All infants admitted to treat hemolytic disease secondary to Rhesus Alloimunoization in the Neonatal Intensive Care Unit were enrolled in the study. We performed real-time polymerase chain reaction on fetal DNA derived from maternal plasma to determine fetal Rh status. We describe a case illustrating the effect of the new laboratory methods on a woman’s candidacy for Rh immune globulin and present recommendations for interpreting the new test results.

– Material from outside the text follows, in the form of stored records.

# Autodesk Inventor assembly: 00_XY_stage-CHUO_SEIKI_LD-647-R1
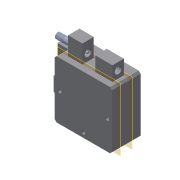
[picture p0: Inventor's stored thumbnail of the model, 180x180]
Saved by Autodesk Inventor 2019 (Build 230136000, 136)
## iProperties
Created: 2019-05-02
Part Number: 00_XY_stage-CHUO_SEIKI_LD-647-R1
Document SubType Name: Assembly
Designer: diederichbenedict
Author: diederichbenedict
## Documents named in this file (5)
- C:\Users\diederichbenedict\Dropbox\Dokumente\Promotion\PROJECTS\STORMoChip\INVENTOR\Nanoscopy-on-a-cheap\00_XY_stage-Chinese_60x60-R1.iam
- C:\Users\diederichbenedict\Dropbox\Dokumente\Promotion\PROJECTS\STORMoChip\INVENTOR\Nanoscopy-on-a-cheap\00_XY_stage-CHUO_SEIKI_LD-647-R1-Micrometer.ipt
- C:\Users\diederichbenedict\Dropbox\Dokumente\Promotion\PROJECTS\STORMoChip\INVENTOR\Nanoscopy-on-a-cheap\00_XY_stage-Chinese_60x60-R1-Top.ipt
- C:\Users\diederichbenedict\Dropbox\Dokumente\Promotion\PROJECTS\STORMoChip\INVENTOR\Nanoscopy-on-a-cheap\00_XY_stage-Chinese_60x60-R1-Middle.ipt
- C:\Users\diederichbenedict\Dropbox\Dokumente\Promotion\PROJECTS\STORMoChip\INVENTOR\Nanoscopy-on-a-cheap\00_XY_stage-Chinese_60x60-R1-Bottom.ipt
## Components (5 placed, 4 different names)
1. 00_XY_stage-Chinese_60x60-R1-Top:1 — Flush:1, Flush:2, Insert:2
2. 00_XY_stage-Chinese_60x60-R1-Middle:1 — Flush:1, Flush:2, Flush:3, Flush:4, Insert:3
3. 00_XY_stage-Chinese_60x60-R1-Bottom:1 — Flush:3, Flush:4
4. 00_XY_stage-CHUO_SEIKI_LD-647-R1-Micrometer:3 — Insert:2
5. 00_XY_stage-CHUO_SEIKI_LD-647-R1-Micrometer:4 — Insert:3
## Relationships (6: Flush 4, Insert 2)
- Flush:1: 00_XY_stage-Chinese_60x60-R1-Top:1 ↔ 00_XY_stage-Chinese_60x60-R1-Middle:1
- Flush:2: 00_XY_stage-Chinese_60x60-R1-Top:1 ↔ 00_XY_stage-Chinese_60x60-R1-Middle:1
- Flush:3: 00_XY_stage-Chinese_60x60-R1-Middle:1 ↔ 00_XY_stage-Chinese_60x60-R1-Bottom:1
- Flush:4: 00_XY_stage-Chinese_60x60-R1-Middle:1 ↔ 00_XY_stage-Chinese_60x60-R1-Bottom:1
- Insert:2: 00_XY_stage-Chinese_60x60-R1-Top:1 ↔ 00_XY_stage-CHUO_SEIKI_LD-647-R1-Micrometer:3
- Insert:3: 00_XY_stage-Chinese_60x60-R1-Middle:1 ↔ 00_XY_stage-CHUO_SEIKI_LD-647-R1-Micrometer:4
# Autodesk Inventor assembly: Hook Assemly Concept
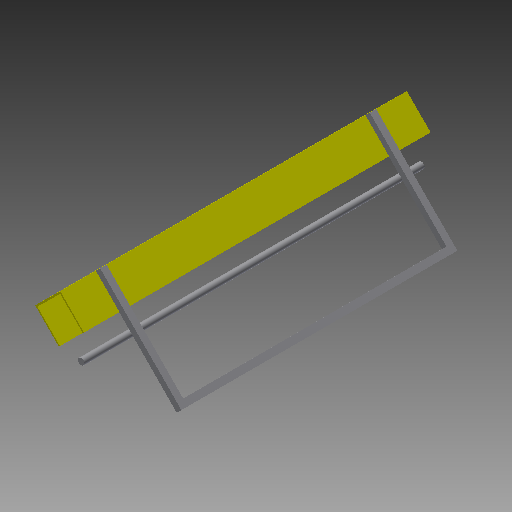
[picture p0: Inventor's stored thumbnail of the model, 512x512]
Saved by Autodesk Inventor 2018 (Build 220112000, 112)
## iProperties
Created: 2018-01-29
Part Number: Hook Assemly Concept
Document SubType Name: Assembly
Designer: Apple
Author: Apple
## Documents named in this file (4)
- C:\Users\Apple\Documents\Inventor\2018 PowerUp\Hook\Hook Assemly Concept.iam
- C:\Users\Apple\Documents\Inventor\2018 PowerUp\2018 Concept Hook.ipt
- C:\Users\Apple\Documents\Inventor\2018 PowerUp\Hook\Hook Concept Cross Bar.ipt
- C:\Users\Apple\Documents\Inventor\2018 PowerUp\Hook\Drop Loop.ipt
## Components (3 placed, 3 different names)
1. 2018 Concept Hook:1 — Flush:1
2. Hook Concept Cross Bar:1 — Tangent:1
3. Drop Loop:1 — Flush:1, Tangent:1
## Relationships (2: Flush 1, Tangent 1)
- Flush:1: 2018 Concept Hook:1 ↔ Drop Loop:1
- Tangent:1: Hook Concept Cross Bar:1 ↔ Drop Loop:1

Contrarily, only rarely does greater FMH occur and delivery by cesarean section does not present a risk factor. The half-life varied between individuals, with a median of 23 days. There is strong evidence for the effectiveness of routine antenatal anti-D prophylaxis for prevention of sensitisation, in support of the policy of offering doena prophylaxis to all non-sensitised pregnant Rhesus negative women.


Serial plasma anti-D quantitations following antenatal administration of anti-D immunoglobulin were hemklitica using flow cytometry.


Although the molecular basis underlying the partial D phenotype has been investigated in hemopitica races, data from Chinese populations are rare. Although exchange transfusion is a frequent procedure for treating severe neonatal hyperbilirubinemia, the incidence of adverse events is high, especially if patients’ clinical condition is unstable before the procedure. Services on Demand Journal. A total of 44 samples with partial D phenotypes were confirmed.

Feedback Privacy Policy Feedback. Blood samples with discrepant results of serologic and molecular methods were further investigated by polymerase chain reaction PCR with sequence-specific primers and nucleotide sequencing of RHD exons. Anti-HbF flow cytometry is a promising alternative, although perinattal use is limited by equipment and staffing costs.

Although the half-time is 23 days, it is uncertain whether all mothers have adequate anti-D concentrations at term.

With reduced frequency of alloimmunisation to the D antigen, antibodies to c and Kell antigen are increasingly responsible for red-cell alloimmunisation. Seventy-two D-positive infants and 26 D-negative infants were determined by serologic studies.

After adjusting for these, the pooled odds ratio for sensitisation was estimated as 0. The half-lives were calculated by linear regression analysis. The detection of antibodies was performed.